NO PLAN B by Lee Child and Andrew Child (Bantam £22, 384pp)


by Lee Child and Andrew Child (Bantam £22, 384pp) 

This year marks the 25th anniversary of the appearance of Child’s uncontainable solo vigilante Jack Reacher and this is his 27th outing — the third collaboration between Child and his younger brother Andrew. 

The structure is exactly what millions of readers around the world have come to expect. Reacher witnesses the death of a young woman who is pushed in front of a bus and tracks the hooded killer. 

Meanwhile, a dark plot is being hatched in a high security prison in Mississippi, which involves the prison warden, the chief of police and the two founders of the Correctional Facility. The two plots are clearly linked and Reacher is a fly in the ointment, as he has been so many times. 

It tears along, constantly asking Reacher to escape seemingly impossible situations. There is never a moment to draw breath, which is one reason why a Reacher novel is sold somewhere in the world every nine seconds. 

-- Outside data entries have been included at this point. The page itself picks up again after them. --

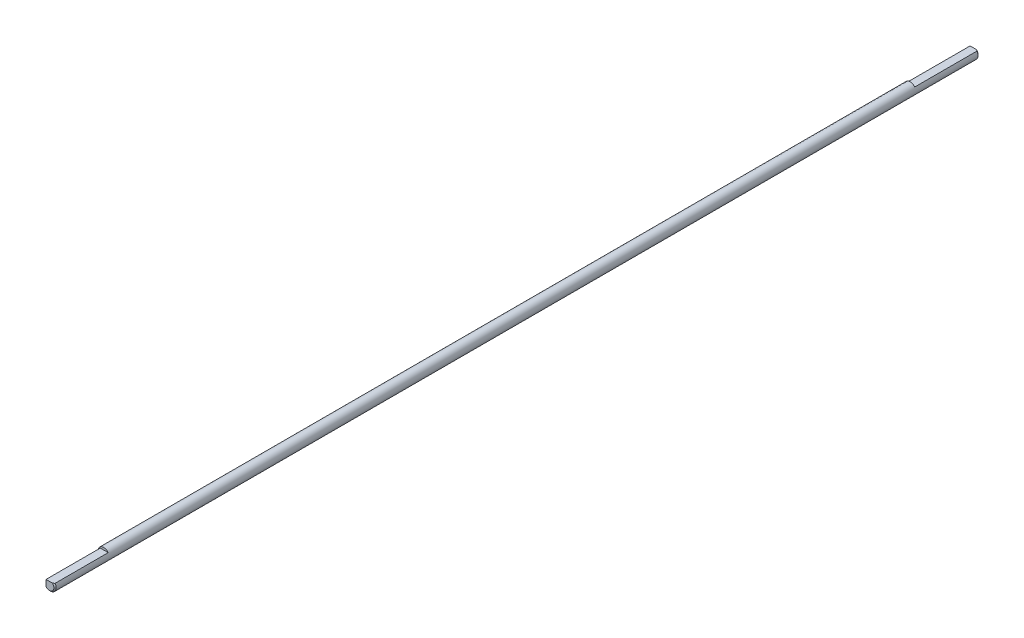
from build123d import *

# Parameters (mm, degrees)
SKETCH_1_R        = 2.5
BODY_DEPTH        = 408.5
CHAMFEREDGES_SIZE = 0.5
SKETCH2_W         = 28.630475487
SKETCH2_H         = 2.50986962
SKETCH2_W_2       = 28
SKETCH2_H_2       = 1.942146438
FIRSTSLOTS_DEPTH  = 409.515299591
CIRPATTERN1_COUNT = 2
CIRPATTERN1_ANGLE = 90


with BuildPart() as part:
    # Эскиз1 → Body (new body)
    with BuildSketch(Plane.XY):
        Circle(SKETCH_1_R)
    extrude(amount=BODY_DEPTH)

    # ChamferEdges
    chamferedges_edges = [part.edges().sort_by_distance(p)[0] for p in [
        (-2.5, 0, 408.5),
        (-2.5, 0, 0),
    ]]
    chamfer(chamferedges_edges, length=CHAMFEREDGES_SIZE)

    # Sketch2 → FirstSlots (cut, symmetric)
    with BuildSketch(Plane(origin=(0, 0, 0), x_dir=(0, 0, -1), z_dir=(1, 0, 0))):
        with Locations((-13.684762257, 2.75493481)):
            Rectangle(SKETCH2_W, SKETCH2_H)
        with Locations((-398.5, 2.471073219)):
            Rectangle(SKETCH2_W_2, SKETCH2_H_2)
    firstslots = extrude(amount=FIRSTSLOTS_DEPTH, both=True, mode=Mode.SUBTRACT)

    # CirPattern1: FirstSlots ×2 about axis
    cirpattern1_axis = Axis((0, 0, 408.5), (0, 0, 1))
    for i in range(1, CIRPATTERN1_COUNT):
        add(firstslots.rotate(cirpattern1_axis, i * CIRPATTERN1_ANGLE / (CIRPATTERN1_COUNT - 1)), mode=Mode.SUBTRACT)


solid = part.part

by John Grisham (Hodder £22, 464pp) 

No one — except perhaps Scott Turow — writes courtroom dramas like Grisham. Here he returns to his favourite southern U.S. stamping ground and the thriving Gulf Coast town of Biloxi, famous for its gambling and sex trade, as well as wonderful seafood. It focuses on two school friends during the 1960s. 

Keith Rudy goes to law school, watching as his father becomes the legendary criminal prosecutor determined to ‘clean up the Coast’, while Hugh Malco settles for the shadier life of his father’s nightclubs. 

Inevitably, the two former friends find themselves in a legal confrontation that may have terrifying consequences for them both. As ever with Grisham there are corkscrew twists and turns as he ratchets up the suspense. 

It is exceptional story-telling, which leaves the reader begging for the novel never to end. Grisham has sold more than 300million copies of his work. This shows exactly why.

BLEEDING HEART YARD by Elly Griffiths (Quercus £22, 352pp)


by Elly Griffiths (Quercus £22, 352pp) 

This standalone novel from the talented Griffiths is a long way from her crime stories featuring forensic archaeologist Dr Ruth Galloway. 

There have been 14 of those, all set in Norfolk. But this story is set firmly in London and features an intriguing new heroine, DI Harbinder Kaur, a Sikh who is not only gay but also on the rise in the Met. 

A group of school friends meet at a reunion 21 years after leaving school, only for one of their number, a Rightwing Tory MP, to be found dead in the toilets with traces of what looks like cocaine on his nose. At first the assumption is an overdose, but that is quickly discounted. 

Then another of the reunion group, this time a Labour MP is stabbed to death with what looks like a human heart set out beside his body. 

What is the link? Part locked room mystery, part unnerving thriller, this intensely satisfying, fast-moving story underlines Griffiths’s skill.